# Think I will blow something? RE: KA-T



## chrislis (Jun 27, 2005)

So I'm getting my turbokit installed sometime this / next week and I need to know how far / slow I should run it before I blow something... What I mean is that I am from CT, there is only one dyno I would rely on here and it's like 45 minutes away but really really pricey. Another one is in MA at UTI and my friend told me they would do it for cheap. Here's what's going into my car...

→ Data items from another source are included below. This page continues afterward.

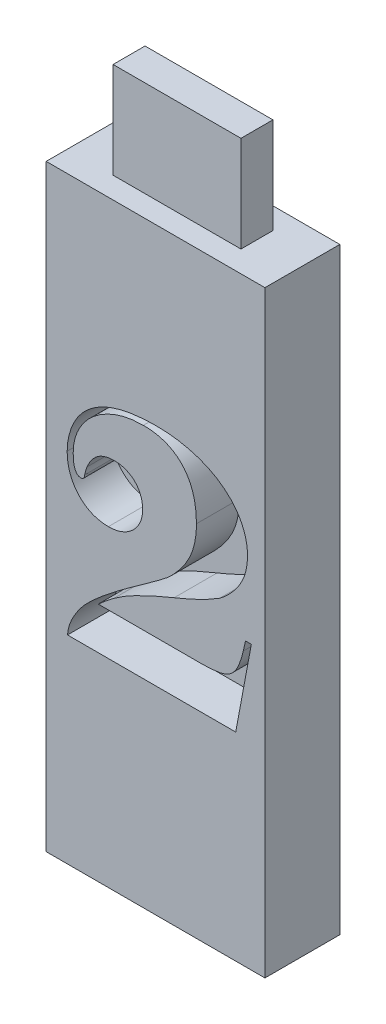
SolidWorks part; units mm, degrees
ref_plane "Front Plane" through (0, 0, 0) normal (0, 0, 1) x (1, 0, 0)
ref_plane "Top Plane" through (0, 0, 0) normal (0, 1, 0) x (1, 0, 0)
ref_plane "Right Plane" through (0, 0, 0) normal (1, 0, 0) x (0, 0, -1)
sketch "Sketch1" plane through (0, 0, 0) normal (0, 0, 1) x (1, 0, 0)
  line L1 (-8.69, -23.749) -> (8.69, -23.749)
  line L2 (-8.69, -23.749) -> (-8.69, 23.749)
  line L3 (-8.69, 23.749) -> (8.69, 23.749)
  line L4 (8.69, -23.749) -> (8.69, 23.749)
  line L5 (-8.69, -23.749) -> (8.69, 23.749) construction
  line L6 (-8.69, 23.749) -> (8.69, -23.749) construction
  point P0 (0, 0)
  dimension "D1" = 17.38
  dimension "D2" = 47.498
extrude "Boss-Extrude1" add sketch "Sketch1" along normal blind 5.95
sketch "Sketch2" plane through (0, 0, 5.95) normal (0, 0, 1) x (1, 0, 0)
  line L0 (0, 23.749) -> (0, -23.749) construction
  line L1 (8.69, 23.749) -> (-8.69, 23.749) construction
  line L2 (-8.69, -23.749) -> (8.69, -23.749) construction
  line L3 (0, -23.749) -> (0, 0) construction
  line L4 (0, 0) -> (-8.69, 0) construction
  line L5 (-8.69, 23.749) -> (-8.69, -23.749) construction
  line L6 (-8.69, 0) -> (8.69, 0) construction
  line L7 (8.69, -23.749) -> (8.69, 23.749) construction
  line L8 (-8.69, -23.749) -> (8.69, -23.749) construction
  line L9 (-8.69, -21.209) -> (8.69, -21.209) construction
  line L10 (-8.69, -18.669) -> (8.69, -18.669) construction
  line L11 (-8.69, -16.129) -> (8.69, -16.129) construction
  line L12 (-8.69, -13.589) -> (8.69, -13.589) construction
  line L13 (-8.69, -11.049) -> (8.69, -11.049) construction
  line L14 (-8.69, -8.509) -> (8.69, -8.509) construction
  line L15 (-8.69, -5.969) -> (8.69, -5.969) construction
  line L16 (-8.69, -3.429) -> (8.69, -3.429) construction
  line L17 (-8.69, -0.889) -> (8.69, -0.889) construction
  line L18 (-8.69, 1.651) -> (8.69, 1.651) construction
  line L19 (-8.69, 4.191) -> (8.69, 4.191) construction
  line L20 (-8.69, 6.731) -> (8.69, 6.731) construction
  line L21 (-8.69, 9.271) -> (8.69, 9.271) construction
  line L22 (-8.69, 11.811) -> (8.69, 11.811) construction
  line L23 (-8.69, 14.351) -> (8.69, 14.351) construction
  line L24 (-8.69, 16.891) -> (8.69, 16.891) construction
  line L25 (-8.69, 19.431) -> (8.69, 19.431) construction
  line L26 (-8.69, 21.971) -> (8.69, 21.971) construction
  line L27 (-8.69, 23.749) -> (-8.69, -23.749) construction
  line L28 (-6.15, 23.749) -> (-6.15, -23.749) construction
  line L29 (-3.61, 23.749) -> (-3.61, -23.749) construction
  line L30 (-1.07, 23.749) -> (-1.07, -23.749) construction
  line L31 (1.47, 23.749) -> (1.47, -23.749) construction
  line L32 (4.01, 23.749) -> (4.01, -23.749) construction
  line L33 (6.55, 23.749) -> (6.55, -23.749) construction
  text T0 "2\r\n\r\n" font "Engravers MT" height in points 72
  dimension "D1" = 19
  dimension "D2" = 2.54
  dimension "D4" = 2.54
  dimension "D3" = 7
extrude "Cut-Extrude1" cut sketch "Sketch2" against normal blind 3.41
sketch "Sketch3" plane through (0, 23.749, 0) normal (0, 1, 0) x (1, 0, 0)
  line L0 (0, 0) -> (0, -5.95) construction
  line L1 (8.69, -5.95) -> (-8.69, -5.95) construction
  line L2 (0, -5.95) -> (0, -2.975) construction
  line L3 (0, -2.975) -> (-8.69, -2.975) construction
  line L4 (-8.69, -5.95) -> (-8.69, 0) construction
  line L5 (-8.69, -2.975) -> (8.69, -2.975) construction
  line L6 (8.69, -5.95) -> (8.69, 0) construction
  line L8 (-5.08, -4.245) -> (5.08, -4.245)
  line L9 (-5.08, -4.245) -> (-5.08, -1.705)
  line L10 (-5.08, -1.705) -> (5.08, -1.705)
  line L11 (5.08, -4.245) -> (5.08, -1.705)
  line L12 (-5.08, -4.245) -> (5.08, -1.705) construction
  line L13 (-5.08, -1.705) -> (5.08, -4.245) construction
  dimension "D1" = 2.54
  dimension "D2" = 10.16
extrude "Boss-Extrude2" add sketch "Sketch3" along normal blind 7.62
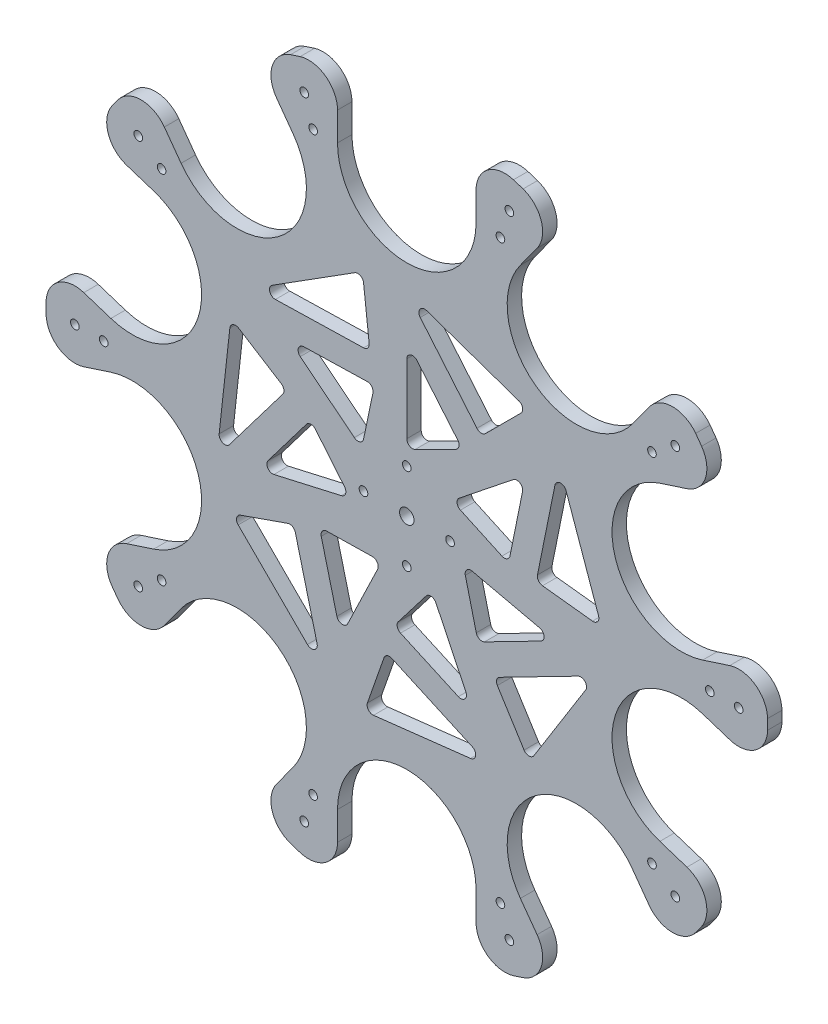
SolidWorks part; units mm, degrees
material "A-玻璃纤维"
ref_plane "前视基准面" through (0, 0, 0) normal (0, 0, 1) x (1, 0, 0)
ref_plane "上视基准面" through (0, 0, 0) normal (0, 1, 0) x (1, 0, 0)
ref_plane "右视基准面" through (0, 0, 0) normal (1, 0, 0) x (0, 0, -1)
sketch "草图1" plane through (0, 0, 0) normal (0, 0, 1) x (1, 0, 0)
  line L20 (-45.1571, 102.9846) -> (-39.3621, 95.0085)
  line L21 (-78.1949, 66.7949) -> (-83.9899, 74.771)
  line L22 (-97.0657, 56.7737) -> (-87.6892, 53.7271)
  line L23 (-102.5221, 8.0763) -> (-111.8985, 11.1229)
  line L24 (-111.8985, -11.1229) -> (-102.5221, -8.0763)
  line L25 (-87.6892, -53.7271) -> (-97.0657, -56.7737)
  line L26 (-83.9899, -74.771) -> (-78.1949, -66.7949)
  line L27 (-39.3621, -95.0085) -> (-45.1571, -102.9846)
  line L28 (-24, -109.859) -> (-24, -100)
  line L29 (24, -100) -> (24, -109.859)
  line L30 (45.1571, -102.9846) -> (39.3621, -95.0085)
  line L31 (78.1949, -66.7949) -> (83.9899, -74.771)
  line L32 (97.0657, -56.7737) -> (87.6892, -53.7271)
  line L33 (102.5221, -8.0763) -> (111.8985, -11.1229)
  line L34 (111.8985, 11.1229) -> (102.5221, 8.0763)
  line L35 (87.6892, 53.7271) -> (97.0657, 56.7737)
  line L36 (83.9899, 74.771) -> (78.1949, 66.7949)
  line L37 (39.3621, 95.0085) -> (45.1571, 102.9846)
  line L38 (24, 109.859) -> (24, 100)
  line L39 (-24, 100) -> (-24, 109.859)
  line L40 (-45.1571, 102.9846) -> (-39.3621, 95.0085)
  line L41 (-78.1949, 66.7949) -> (-83.9899, 74.771)
  line L42 (-97.0657, 56.7737) -> (-87.6892, 53.7271)
  line L43 (-102.5221, 8.0763) -> (-111.8985, 11.1229)
  line L44 (-111.8985, -11.1229) -> (-102.5221, -8.0763)
  line L45 (-87.6892, -53.7271) -> (-97.0657, -56.7737)
  line L46 (-83.9899, -74.771) -> (-78.1949, -66.7949)
  line L47 (-39.3621, -95.0085) -> (-45.1571, -102.9846)
  line L48 (-24, -109.859) -> (-24, -100)
  line L49 (24, -100) -> (24, -109.859)
  line L50 (45.1571, -102.9846) -> (39.3621, -95.0085)
  line L51 (78.1949, -66.7949) -> (83.9899, -74.771)
  line L52 (97.0657, -56.7737) -> (87.6892, -53.7271)
  line L53 (102.5221, -8.0763) -> (111.8985, -11.1229)
  line L54 (111.8985, 11.1229) -> (102.5221, 8.0763)
  line L55 (87.6892, 53.7271) -> (97.0657, 56.7737)
  line L56 (83.9899, 74.771) -> (78.1949, 66.7949)
  line L57 (39.3621, 95.0085) -> (45.1571, 102.9846)
  line L58 (24, 109.859) -> (24, 100)
  line L59 (-24, 100) -> (-24, 109.859)
  arc A0 (-105, 1.5) -> (-105, -1.5) centre (-105, 0) ccw construction
  arc A1 (-105, -1.5) -> (-105, 1.5) centre (-105, 0) ccw construction
  arc A2 (-115, 1.5) -> (-115, -1.5) centre (-115, 0) ccw construction
  arc A3 (-115, -1.5) -> (-115, 1.5) centre (-115, 0) ccw construction
  arc A4 (-105, 1.5) -> (-105, -1.5) centre (-105, 0) ccw
  arc A5 (-105, -1.5) -> (-105, 1.5) centre (-105, 0) ccw
  arc A6 (-115, 1.5) -> (-115, -1.5) centre (-115, 0) ccw
  arc A7 (-115, -1.5) -> (-115, 1.5) centre (-115, 0) ccw
  arc A8 (0, 2.5) -> (0, -2.5) centre (0, 0) ccw construction
  arc A9 (0, -2.5) -> (0, 2.5) centre (0, 0) ccw construction
  arc A10 (0, 2.5) -> (0, -2.5) centre (0, 0) ccw
  arc A11 (0, -2.5) -> (0, 2.5) centre (0, 0) ccw
  arc A12 (-84.0651, 62.931) -> (-85.8285, 60.5039) centre (-84.9468, 61.7175) ccw
  arc A13 (-85.8285, 60.5039) -> (-84.0651, 62.931) centre (-84.9468, 61.7175) ccw
  arc A14 (-92.1553, 68.8088) -> (-93.9186, 66.3818) centre (-93.037, 67.5953) ccw
  arc A15 (-93.9186, 66.3818) -> (-92.1553, 68.8088) centre (-93.037, 67.5953) ccw
  arc A16 (-31.0202, 100.3245) -> (-33.8734, 99.3974) centre (-32.4468, 99.8609) ccw
  arc A17 (-33.8734, 99.3974) -> (-31.0202, 100.3245) centre (-32.4468, 99.8609) ccw
  arc A18 (-34.1104, 109.835) -> (-36.9635, 108.908) centre (-35.537, 109.3715) ccw
  arc A19 (-36.9635, 108.908) -> (-34.1104, 109.835) centre (-35.537, 109.3715) ccw
  arc A20 (33.8734, 99.3974) -> (31.0202, 100.3245) centre (32.4468, 99.8609) ccw
  arc A21 (31.0202, 100.3245) -> (33.8734, 99.3974) centre (32.4468, 99.8609) ccw
  arc A22 (36.9635, 108.908) -> (34.1104, 109.835) centre (35.537, 109.3715) ccw
  arc A23 (34.1104, 109.835) -> (36.9635, 108.908) centre (35.537, 109.3715) ccw
  arc A24 (85.8285, 60.5039) -> (84.0651, 62.931) centre (84.9468, 61.7175) ccw
  arc A25 (84.0651, 62.931) -> (85.8285, 60.5039) centre (84.9468, 61.7175) ccw
  arc A26 (93.9186, 66.3818) -> (92.1553, 68.8088) centre (93.037, 67.5953) ccw
  arc A27 (92.1553, 68.8088) -> (93.9186, 66.3818) centre (93.037, 67.5953) ccw
  arc A28 (105, -1.5) -> (105, 1.5) centre (105, 0) ccw
  arc A29 (105, 1.5) -> (105, -1.5) centre (105, 0) ccw
  arc A30 (115, -1.5) -> (115, 1.5) centre (115, 0) ccw
  arc A31 (115, 1.5) -> (115, -1.5) centre (115, 0) ccw
  arc A32 (84.0651, -62.931) -> (85.8285, -60.5039) centre (84.9468, -61.7175) ccw
  arc A33 (85.8285, -60.5039) -> (84.0651, -62.931) centre (84.9468, -61.7175) ccw
  arc A34 (92.1553, -68.8088) -> (93.9186, -66.3818) centre (93.037, -67.5953) ccw
  arc A35 (93.9186, -66.3818) -> (92.1553, -68.8088) centre (93.037, -67.5953) ccw
  arc A36 (31.0202, -100.3245) -> (33.8734, -99.3974) centre (32.4468, -99.8609) ccw
  arc A37 (33.8734, -99.3974) -> (31.0202, -100.3245) centre (32.4468, -99.8609) ccw
  arc A38 (34.1104, -109.835) -> (36.9635, -108.908) centre (35.537, -109.3715) ccw
  arc A39 (36.9635, -108.908) -> (34.1104, -109.835) centre (35.537, -109.3715) ccw
  arc A40 (-33.8734, -99.3974) -> (-31.0202, -100.3245) centre (-32.4468, -99.8609) ccw
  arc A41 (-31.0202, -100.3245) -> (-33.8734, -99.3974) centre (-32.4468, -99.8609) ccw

XS Engineering T3/T4 Turbocharger
HKS Super Sequential Blow Off Valve
Tial 38mm Wastegate
HKS FMIC Intercooler
All necessary Intercooler Pipes
XS Engineering Exhaust Manifold
Exhaust Flanges
Downpipe
Walbro Fuel Pump
Battery Relocation Kit
Gauges: Boost, Air / Fuel Ratio, Oil Pressure
370 Fuel Injectors
Oil Feed Lines
Vacuum Hoses

I might have forgotten something...

But what I need to know is that I am going to be picking this car up and having to drive a minimum of 45 minutes to a dyno to get tuned. Do you think I will blow something with an untuned ECU?


----------



## rogoman (Dec 16, 2004)

chrislis said:


> So I'm getting my turbokit installed sometime this / next week and I need to know how far / slow I should run it before I blow something... What I mean is that I am from CT, there is only one dyno I would rely on here and it's like 45 minutes away but really really pricey. Another one is in MA at UTI and my friend told me they would do it for cheap. Here's what's going into my car...
> 
> XS Engineering T3/T4 Turbocharger
> HKS Super Sequential Blow Off Valve
> ...


Do you have good fuel management components?


----------



## chrislis (Jun 27, 2005)

just got my walbro fuel pump, waiting on my apexi SAFC2, got the 370 fuel injectors, air/fuel ratio gauge...


----------



## crazy2002mexican (May 21, 2003)

you should be perfectly fine, I dont see any reason why you shouldnt, I just would not recommend any WOT or driving it hard on the way there if your that worried about it. O btw where did you get your battery relocation kit??I am about to boost mine as soon as I send these 370's off to get flow tested and thats one of things I need done.


----------



## myoung (Apr 15, 2002)

> HKS Super Sequential Blow Off Valve


Wrong type blow off valve for a MAF equipped car.


----------



## veilside180sx (Aug 23, 2005)

Unless he runs a blow through MAF. More than likely you right though Myyoung.


----------



## ICP Sux0rZ! (Jan 10, 2005)

if ur friend goes to UTI he can take it in and dyno it before and after the install for free


----------



## chrislis (Jun 27, 2005)

nah he's a freshman, he's gonna be dyno'ing it for free but im getting it installed down the street from me. the install alone is gonna be 800. the piping is probly gonna cost 300. gah.


----------



## ICP Sux0rZ! (Jan 10, 2005)

yeah i know hes not installing it, it doesn't matter who is, a student is allowed to bring in any car they want to dyno it either before or after they modify something on it


----------



## chrislis (Jun 27, 2005)

hah, i actually just talked with him tonight and he told me they won't be setting up the dynos this year for the next couple of months. after that would be mint, but i'll be in florida, so im gonna have to get it done somewhere else. are from around this area, im from CT, not looking to drive too long of a distance due to not being properly tuned... know of any dynos besides pruven? those dudes wanna take my wallet from me i swear to god.


----------



## ICP Sux0rZ! (Jan 10, 2005)

chrislis said:


> hah, i actually just talked with him tonight and he told me they won't be setting up the dynos this year for the next couple of months. after that would be mint, but i'll be in florida, so im gonna have to get it done somewhere else. are from around this area, im from CT, not looking to drive too long of a distance due to not being properly tuned... know of any dynos besides pruven? those dudes wanna take my wallet from me i swear to god.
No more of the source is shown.